What are the hard questions for 2024?
⚛️ A brand new generation of quantum mechanics. Machine learning force-fields, often based on equivariant and invariant GNNs, have been promising us a treasure. The treasure of the precision of density functional theory, but hundreds of times faster and at the dimensions of entire proteins. Although some steps were made on this direction with Allegro and MACE-MP, current models don’t generalize well to unseen settings and really large molecules, and so they are still too slow to be applicable on the timescale that is required 🐢. For the generalization, I imagine that larger and more diverse datasets are a very powerful stepping stones. For the computation time, I imagine we are going to see models which can be less enforcing of the equivariance, corresponding to FAENet. But efficient sampling methods will play a much bigger role: spatial-sampling corresponding to using DiffDock to get more interesting starting points and time-sampling corresponding to TimeWarp to avoid simulating every frame. I’m really excited by the massive STEBS 👣 awaiting us in 2024: Spatio-temporal equivariant Boltzmann samplers.

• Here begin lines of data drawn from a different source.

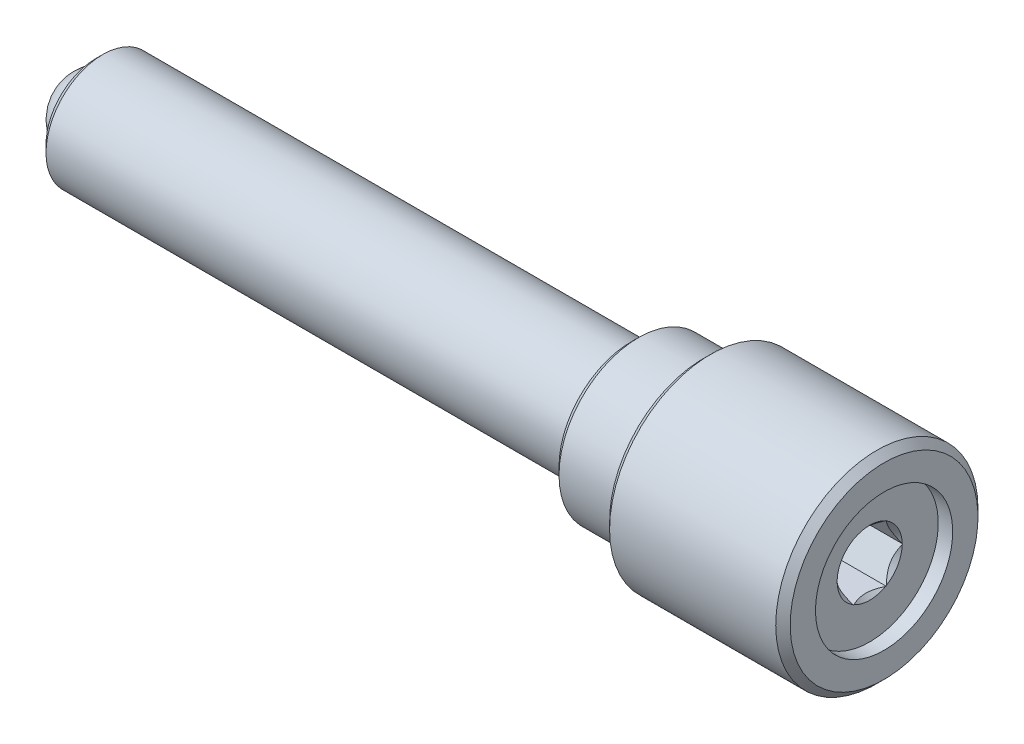
ISO-10303-21;
HEADER;
FILE_DESCRIPTION(('STEP AP214'),'2;1');
FILE_NAME('part.step','',(''),(''),'','','');
FILE_SCHEMA(('AUTOMOTIVE_DESIGN { 1 0 10303 214 1 1 1 1 }'));
ENDSEC;
DATA;
#1=APPLICATION_CONTEXT('core data for automotive mechanical design processes');
#2=APPLICATION_PROTOCOL_DEFINITION('international standard','automotive_design',2000,#1);
#3=PRODUCT_CONTEXT('',#1,'mechanical');
#4=PRODUCT('Part','Part','',(#3));
#5=PRODUCT_RELATED_PRODUCT_CATEGORY('part','',(#4));
#6=PRODUCT_DEFINITION_FORMATION('','',#4);
#7=PRODUCT_DEFINITION_CONTEXT('part definition',#1,'design');
#8=PRODUCT_DEFINITION('design','',#6,#7);
#9=PRODUCT_DEFINITION_SHAPE('','',#8);
#10=(LENGTH_UNIT() NAMED_UNIT(*) SI_UNIT(.MILLI.,.METRE.));
#11=(NAMED_UNIT(*) PLANE_ANGLE_UNIT() SI_UNIT($,.RADIAN.));
#12=(NAMED_UNIT(*) SI_UNIT($,.STERADIAN.) SOLID_ANGLE_UNIT());
#13=UNCERTAINTY_MEASURE_WITH_UNIT(LENGTH_MEASURE(1.E-05),#10,'distance_accuracy_value','');
#14=(GEOMETRIC_REPRESENTATION_CONTEXT(3) GLOBAL_UNCERTAINTY_ASSIGNED_CONTEXT((#13)) GLOBAL_UNIT_ASSIGNED_CONTEXT((#10,
#11,#12)) REPRESENTATION_CONTEXT('',''));
#15=CARTESIAN_POINT('',(0.,0.,0.));
#16=DIRECTION('',(0.,0.,1.));
#17=DIRECTION('',(1.,0.,0.));
#18=AXIS2_PLACEMENT_3D('',#15,#16,#17);
#19=CARTESIAN_POINT('',(-28.6188490285806,-2.28638954609726,11.5802550047874));
#20=DIRECTION('',(1.,0.,0.));
#21=DIRECTION('',(0.,1.,0.));
#22=AXIS2_PLACEMENT_3D('',#19,#20,#21);
#23=PLANE('',#22);
#24=CARTESIAN_POINT('',(-28.6188490285806,-3.68338954609726,11.5802550047874));
#25=DIRECTION('',(1.,0.,0.));
#26=DIRECTION('',(0.,1.,0.));
#27=AXIS2_PLACEMENT_3D('',#24,#25,#26);
#28=CIRCLE('',#27,1.746);
#29=CARTESIAN_POINT('',(-28.6188490285806,-1.93738954609726,11.5802550047874));
#30=VERTEX_POINT('',#29);
#31=EDGE_CURVE('P0_E11',#30,#30,#28,.F.);
#32=ORIENTED_EDGE('',*,*,#31,.T.);
#33=EDGE_LOOP('',(#32));
#34=FACE_BOUND('',#33,.T.);
#35=CARTESIAN_POINT('',(-28.6188490285806,-3.68338954609726,11.5802550047874));
#36=DIRECTION('',(-1.,0.,0.));
#37=DIRECTION('',(0.,-1.,0.));
#38=AXIS2_PLACEMENT_3D('',#35,#36,#37);
#39=CIRCLE('',#38,1.397);
#40=CARTESIAN_POINT('',(-28.6188490285806,-5.08038954609726,11.5802550047874));
#41=VERTEX_POINT('',#40);
#42=EDGE_CURVE('P0_E36',#41,#41,#39,.T.);
#43=ORIENTED_EDGE('',*,*,#42,.F.);
#44=EDGE_LOOP('',(#43));
#45=FACE_BOUND('',#44,.T.);
#46=ADVANCED_FACE('P0_F16',(#34,#45),#23,.F.);
#47=CARTESIAN_POINT('',(-26.4337555020967,-3.68338954609726,11.5802550047874));
#48=DIRECTION('',(-1.,0.,0.));
#49=DIRECTION('',(0.,-1.,0.));
#50=AXIS2_PLACEMENT_3D('',#47,#48,#49);
#51=CYLINDRICAL_SURFACE('',#50,1.397);
#52=CARTESIAN_POINT('',(-27.8307555020967,-3.68338954609726,11.5802550047874));
#53=DIRECTION('',(-1.,0.,0.));
#54=DIRECTION('',(0.,-1.,0.));
#55=AXIS2_PLACEMENT_3D('',#52,#53,#54);
#56=CIRCLE('',#55,1.397);
#57=CARTESIAN_POINT('',(-27.8307555020967,-5.08038954609726,11.5802550047874));
#58=VERTEX_POINT('',#57);
#59=EDGE_CURVE('P0_E34',#58,#58,#56,.T.);
#60=ORIENTED_EDGE('',*,*,#59,.F.);
#61=EDGE_LOOP('',(#60));
#62=FACE_BOUND('',#61,.T.);
#63=ORIENTED_EDGE('',*,*,#42,.T.);
#64=EDGE_LOOP('',(#63));
#65=FACE_BOUND('',#64,.T.);
#66=ADVANCED_FACE('P0_F30',(#62,#65),#51,.F.);
#67=CARTESIAN_POINT('',(-27.8307555020967,-3.68338954609726,11.5802550047874));
#68=DIRECTION('',(-1.,0.,0.));
#69=DIRECTION('',(0.,-1.,0.));
#70=AXIS2_PLACEMENT_3D('',#67,#68,#69);
#71=CONICAL_SURFACE('',#70,1.397,0.785398163397451);
#72=CARTESIAN_POINT('',(-26.4337555020967,-3.68338954609726,11.5802550047874));
#73=VERTEX_POINT('',#72);
#74=VERTEX_LOOP('',#73);
#75=FACE_BOUND('',#74,.T.);
#76=ORIENTED_EDGE('',*,*,#59,.T.);
#77=EDGE_LOOP('',(#76));
#78=FACE_BOUND('',#77,.T.);
#79=ADVANCED_FACE('P0_F26',(#75,#78),#71,.F.);
#80=CARTESIAN_POINT('',(-5.78724902858061,-3.68338954609726,11.5802550047874));
#81=DIRECTION('',(-1.,0.,0.));
#82=DIRECTION('',(0.,-1.,0.));
#83=AXIS2_PLACEMENT_3D('',#80,#81,#82);
#84=PLANE('',#83);
#85=CARTESIAN_POINT('',(-5.78724902858061,-3.68338954609726,11.5802550047874));
#86=DIRECTION('',(-1.,0.,0.));
#87=DIRECTION('',(0.,-1.,0.));
#88=AXIS2_PLACEMENT_3D('',#85,#86,#87);
#89=CIRCLE('',#88,1.74599999999999);
#90=CARTESIAN_POINT('',(-5.78724902858061,-5.42938954609725,11.5802550047874));
#91=VERTEX_POINT('',#90);
#92=EDGE_CURVE('P0_E23',#91,#91,#89,.F.);
#93=ORIENTED_EDGE('',*,*,#92,.T.);
#94=EDGE_LOOP('',(#93));
#95=FACE_BOUND('',#94,.T.);
#96=ADVANCED_FACE('P0_F29',(#95),#84,.F.);
#97=CARTESIAN_POINT('',(-26.4337555020967,-3.68338954609726,11.5802550047874));
#98=DIRECTION('',(-1.,0.,0.));
#99=DIRECTION('',(0.,-1.,0.));
#100=AXIS2_PLACEMENT_3D('',#97,#98,#99);
#101=CYLINDRICAL_SURFACE('',#100,2.);
#102=CARTESIAN_POINT('',(-6.04124902858061,-3.68338954609726,11.5802550047874));
#103=DIRECTION('',(-1.,0.,0.));
#104=DIRECTION('',(0.,0.,1.));
#105=AXIS2_PLACEMENT_3D('',#102,#103,#104);
#106=CIRCLE('',#105,2.);
#107=CARTESIAN_POINT('',(-6.04124902858061,-3.68338954609726,13.5802550047874));
#108=VERTEX_POINT('',#107);
#109=EDGE_CURVE('P0_E44',#108,#108,#106,.T.);
#110=ORIENTED_EDGE('',*,*,#109,.T.);
#111=EDGE_LOOP('',(#110));
#112=FACE_BOUND('',#111,.T.);
#113=CARTESIAN_POINT('',(-28.3648490285806,-3.68338954609726,11.5802550047874));
#114=DIRECTION('',(1.,0.,0.));
#115=DIRECTION('',(0.,1.,0.));
#116=AXIS2_PLACEMENT_3D('',#113,#114,#115);
#117=CIRCLE('',#116,2.);
#118=CARTESIAN_POINT('',(-28.3648490285806,-1.68338954609726,11.5802550047874));
#119=VERTEX_POINT('',#118);
#120=EDGE_CURVE('P0_E39',#119,#119,#117,.T.);
#121=ORIENTED_EDGE('',*,*,#120,.T.);
#122=EDGE_LOOP('',(#121));
#123=FACE_BOUND('',#122,.T.);
#124=ADVANCED_FACE('P0_F53',(#112,#123),#101,.T.);
#125=CARTESIAN_POINT('',(-6.04124902858061,-3.68338954609726,11.5802550047874));
#126=DIRECTION('',(-1.,0.,0.));
#127=DIRECTION('',(0.,0.,1.));
#128=AXIS2_PLACEMENT_3D('',#125,#126,#127);
#129=CONICAL_SURFACE('',#128,2.,0.785398163397453);
#130=ORIENTED_EDGE('',*,*,#92,.F.);
#131=EDGE_LOOP('',(#130));
#132=FACE_BOUND('',#131,.T.);
#133=ORIENTED_EDGE('',*,*,#109,.F.);
#134=EDGE_LOOP('',(#133));
#135=FACE_BOUND('',#134,.T.);
#136=ADVANCED_FACE('P0_F50',(#132,#135),#129,.T.);
#137=CARTESIAN_POINT('',(-28.6188490285806,-3.68338954609726,11.5802550047874));
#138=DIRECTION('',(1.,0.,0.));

🕸️ Every part is connected. Biology is inherently multimodal 🙋🐁 🧫🧬🧪. One cannot simply decouple the molecule from the remainder of the biological system. In fact, that’s how ML for drug discovery was done up to now: simply construct a model of the molecular graph and fit it to experimental data. But we’ve got reached a critical point 🛑, regardless of what number of trillion parameters are within the GNN model is, and the way much data are used to coach it, and what number of experts are mixtured together. It’s time to bring biology into the combination, and probably the most straightforward way is with multi-modal models. One method is to condition the output of the GNNs with the goal protein sequences corresponding to MocFormer. One other is to make use of microscopy images or transcriptomics to higher inform the model of the biological signature of molecules corresponding to TranSiGen. One more is to make use of LLMs to embed contextual information in regards to the tasks corresponding to TwinBooster. And even higher, combining all of those together 🤯, but this might take years. The predominant issue for the broader community appears to be the provision of enormous amounts of quality and standardized data, but fortunately, this shouldn’t be a difficulty for Valence.
🔬 Relating biological knowledge and observables. Humans have been attempting to map biology for a very long time, constructing relational maps for genes 🧬, protein-protein interactions 🔄, metabolic pathways 🔀, etc. I invite you to read this review of data graphs for drug discovery. But all this information often sits unused and ignored by the ML community. I feel that that is an area where GNNs for knowledge graphs could prove very useful, especially in 2024, and it could provide one other modality for the 🕸️ point above. Considering that human knowledge is incomplete, we are able to as a substitute recuperate relational maps from foundational models. That is the route taken by Phenom1 when attempting to recall known genetic relationships. Nonetheless, having to take care of various knowledge databases is an especially complex task that we are able to’t expect most ML scientists to have the ability to tackle alone. But with the assistance of artificial assistants like LOWE, this will be done in a matter of seconds.
🏆 Benchmarks, benchmarks, benchmarks. I can’t repeat the word benchmark enough. Alas, benchmarks will stay the unloved kid on the ML block 🫥. But when the word benchmark is uncool, its cousin competition is way cooler 😎! Just because the OGB-LSC competition and Open Catalyst challenge played a significant role for the GNN community, it’s now time for a brand new series of competitions 🥇. We even got the TGB (Temporal graph benchmark) recently. In the event you were at NeurIPS’23, then you definitely probably heard of Polaris coming up early 2024 ✨. Polaris is a consortium of multiple pharma and academic groups attempting to improve the standard of obtainable molecular benchmarks to higher represent real drug discovery. Perhaps we’ll even see a benchmark suitable for molecular graph generation as a substitute of optimizing QED and cLogP, but I wouldn’t hold my breath, I even have been waiting for years. What type of latest, crazy competition will light up the GDL community this yr 🤔?